Information retrieval in technical documents: from the user's query to the information-unit tagging

  • Authors:
  • Céline Paganelli;Evelyne Mounier

  • Affiliations:
  • Université Stendhal, Grenoble, France;Université Stendhal, Grenoble, France

  • Venue:
  • Proceedings of the 21st annual international conference on Documentation
  • Year:
  • 2003

Quantified Score

Hi-index 0.01

Visualization

Abstract

Information retrieval systems within voluminous textual documents raise specific problems, such as the choice of the retrieval-unit and the relevance of each response. For the selection of the retrieval-unit, several solutions have been proposed, such as the exploitation of the document logical structure. In most cases, a measure of the retrieval-unit relevance is assessed using criteria, such as the number of occurrences of query terms in the document and their position in the document.Few systems are user centered designed and are adapted to the task they are supposed to assist: usually, these systems are based on paper-aid documentation electronically recorded with a standard information retrieval module. Sysrit (technical information retrieval system), a system under development, is aimed at users expert in the search of technical documents.
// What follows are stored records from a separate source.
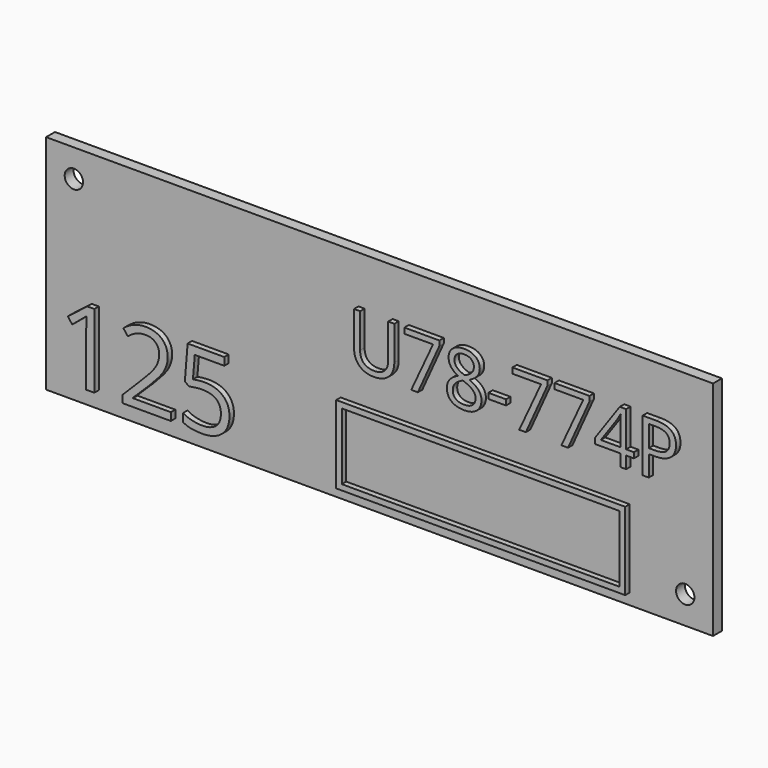
from build123d import *

# Parameters (mm, degrees)
F0_W         = 120
F0_H         = 40
F1_DEPTH     = 2
F3_D         = 3.3
F4_TEXT_SIZE = 13.2628743135
F5_DEPTH     = 1
F6_TEXT_SIZE = 18.5776487663
F7_DEPTH     = 1
F8_W         = 52
F8_H         = 14
F8_W_2       = 49.99999962
F8_H_2       = 11.99999962
F9_DEPTH     = 1


# Not quite as in the source:
# - Text() gives the source's letters only with a copy of the font that has no kerning and outlines rounded to 1/6400 em; it was checked with that copy


with BuildPart() as f1:
    # F0 (on Front) → F1 (new body)
    with BuildSketch(Plane.XZ):
        Rectangle(F0_W, F0_H)
    extrude(amount=F1_DEPTH)

    # F3 (through all)
    with Locations(Plane.XZ.offset(2)):
        with Locations((-55, 15), (55, -15)):
            Hole(F3_D / 2)

    # F4 (on face) → F5 (join)
    with BuildSketch(Plane.XZ.offset(2)):
        with Locations((-5, 2)):
            Text('U78-774P', F4_TEXT_SIZE, font='Open Sans', text_align=(TextAlign.LEFT, TextAlign.BOTTOM))
    extrude(amount=F5_DEPTH)

    # F6 (on face) → F7 (join)
    with BuildSketch(Plane.XZ.offset(2)):
        with Locations((-57, -17)):
            Text('125', F6_TEXT_SIZE, font='Open Sans', text_align=(TextAlign.LEFT, TextAlign.BOTTOM))
    extrude(amount=F7_DEPTH)

    # F8 (on face) → F9 (join)
    with BuildSketch(Plane.XZ.offset(2)):
        with Locations((19, -11)):
            Rectangle(F8_W, F8_H)
        with Locations((19, -11)):
            Rectangle(F8_W_2, F8_H_2, mode=Mode.SUBTRACT)
    extrude(amount=F9_DEPTH)


solid = f1.part
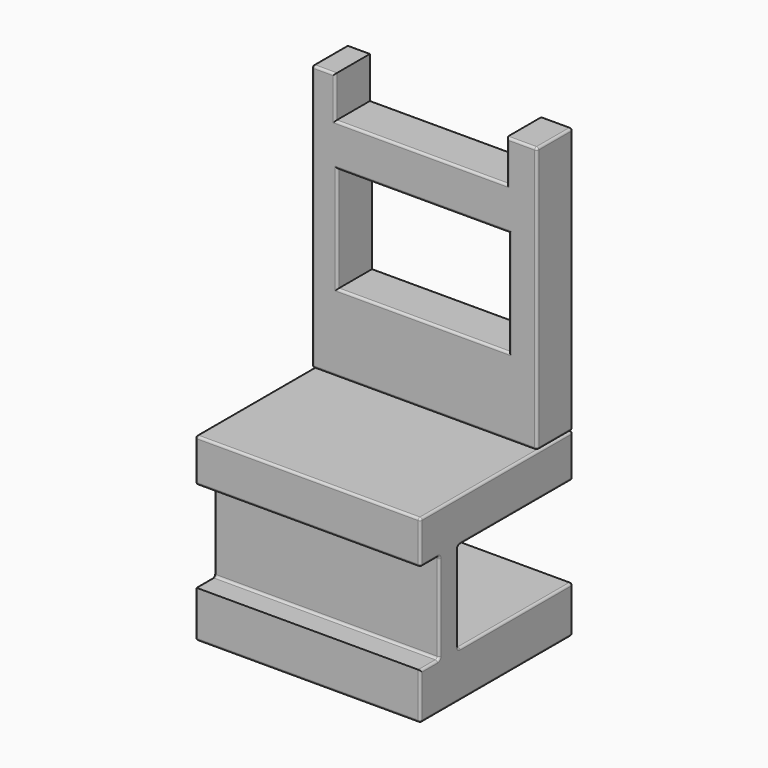
from build123d import *

# Parameters (mm, degrees)
F0_W     = 9.9436193705
F0_H     = 59.1063983738
F1_DEPTH = 50
F0_W_2   = 5.2507026121
F0_H_2   = 20.0943984091
F2_W     = 38.0825251341
F2_H     = 23.3743079007
F2_W_2   = 38.0357308313
F2_H_2   = 12.3214237392
F3_DEPTH = 25
F4_R     = 0.5
F4_2_R   = 0.5


with BuildPart() as f1:
    # F0 (on Right) → F1 (new body)
    with BuildSketch(Plane.YZ):
        with Locations((-4.9718096852, 39.2434578389)):
            Rectangle(F0_W, F0_H)
    extrude(amount=F1_DEPTH)

    # F2 (on Front) → F3 (cut)
    with BuildSketch(Plane.XZ):
        with Locations((24.7360542417, 38.5746154934)):
            Rectangle(F2_W, F2_H)
        with Locations((24.241077248, 65.7589305192)):
            Rectangle(F2_W_2, F2_H_2)
    extrude(amount=F3_DEPTH, mode=Mode.SUBTRACT)

    # F4
    f4_edges = [f1.edges().sort_by_distance(p)[0] for p in [
        (0, -9.943619, 39.243458),
        (25, -9.943619, 9.690259),
        (50, -9.943619, 39.243458),
        (46.629471, -9.943619, 68.796657),
        (43.258943, -9.943619, 64.197438),
        (24.241077, -9.943619, 59.598219),
        (5.223212, -9.943619, 64.197438),
        (2.611606, -9.943619, 68.796657),
        (24.736054, -9.943619, 50.261769),
        (43.777317, -9.943619, 38.574615),
        (24.736054, -9.943619, 26.887462),
        (5.694792, -9.943619, 38.574615),
        (0, 0, 39.243458),
        (0, -4.97181, 68.796657),
        (0, -4.97181, 9.690259),
        (50, 0, 39.243458),
        (50, -4.97181, 68.796657),
        (50, -4.97181, 9.690259),
        (2.611606, 0, 68.796657),
        (5.223212, 0, 64.197438),
        (24.241077, 0, 59.598219),
        (43.258943, 0, 64.197438),
        (46.629471, 0, 68.796657),
        (25, 0, 9.690259),
        (5.694792, 0, 38.574615),
        (24.736054, 0, 26.887462),
        (43.777317, 0, 38.574615),
        (24.736054, 0, 50.261769),
    ]]
    fillet(f4_edges, radius=F4_R)


with BuildPart() as f1b:
    # F0 (on Right) → F1, piece 2 (new body)
    with BuildSketch(Plane.YZ):
        Polygon((-31.7991506308, 0), (0, 0), (0, 9.5437960699), (-42.300555855, 9.5437960699), (-42.300555855, 0), (-37.0498532429, 0), align=None)
        with Locations((-34.4245019369, -10.0471992046)):
            Rectangle(F0_W_2, F0_H_2)
        Polygon((0, -20.0943984091), (-31.7991506308, -20.0943984091), (-37.0498532429, -20.0943984091), (-42.300555855, -20.0943984091), (-42.300555855, -30.4523352534), (0, -30.4523352534), align=None)
    extrude(amount=F1_DEPTH)

    # F4#2
    f4_2_edges = [f1b.edges().sort_by_distance(p)[0] for p in [
        (25, 0, 9.543796),
        (25, -42.300556, 9.543796),
        (0, -21.150278, 9.543796),
        (50, -21.150278, 9.543796),
        (0, -15.899575, 0),
        (0, 0, 4.771898),
        (0, -42.300556, 4.771898),
        (0, -39.675205, 0),
        (0, -37.049853, -10.047199),
        (0, -39.675205, -20.094398),
        (0, -42.300556, -25.273367),
        (0, -21.150278, -30.452335),
        (0, 0, -25.273367),
        (0, -15.899575, -20.094398),
        (0, -31.799151, -10.047199),
        (25, -42.300556, 0),
        (25, -37.049853, 0),
        (25, -37.049853, -20.094398),
        (50, -37.049853, -10.047199),
        (25, -42.300556, -30.452335),
        (50, -15.899575, 0),
        (50, 0, 4.771898),
        (50, -42.300556, 4.771898),
        (50, -39.675205, 0),
        (50, -39.675205, -20.094398),
        (50, -42.300556, -25.273367),
        (50, -21.150278, -30.452335),
        (50, 0, -25.273367),
        (50, -15.899575, -20.094398),
        (50, -31.799151, -10.047199),
        (25, 0, 0),
        (25, -31.799151, -20.094398),
        (25, -31.799151, 0),
        (25, 0, -20.094398),
        (25, 0, -30.452335),
    ]]
    fillet(f4_2_edges, radius=F4_2_R)


solid = Compound([f1.part, f1b.part])

The conception of Sysrit is based on observations made on these users. In this system, a technical document is automatically segmented into paragraphs (called information units. In order to improve the relevance of the responses given to the users, Sysrit proposes to tag the information units. Indeed, we make the assumption that a response is all the more relevant since it belongs to the same category as the query.We show that queries and information units can be first categorized in two types: the object (which corresponds to object descriptions) and the pro type (which concerns procedural descriptions). A detailed study of the object type shows that it is heterogeneous and covers different sub-types: objects descriptions (do), definitions (dfi) and specifications descriptions (df). Upon experimental validation with expert users, we first proposed to categorize the type of each information unit as either object or pro., and second to sub-categorize the object units as do, dfi or df. We here focus on queries more than on information units. A corpus analysis and a validation by expert users confirm that this categorization can also be used to characterize queries. Moreover, the results of this analysis enable us to propose rules in order to automatically recognize and tag each type of queries.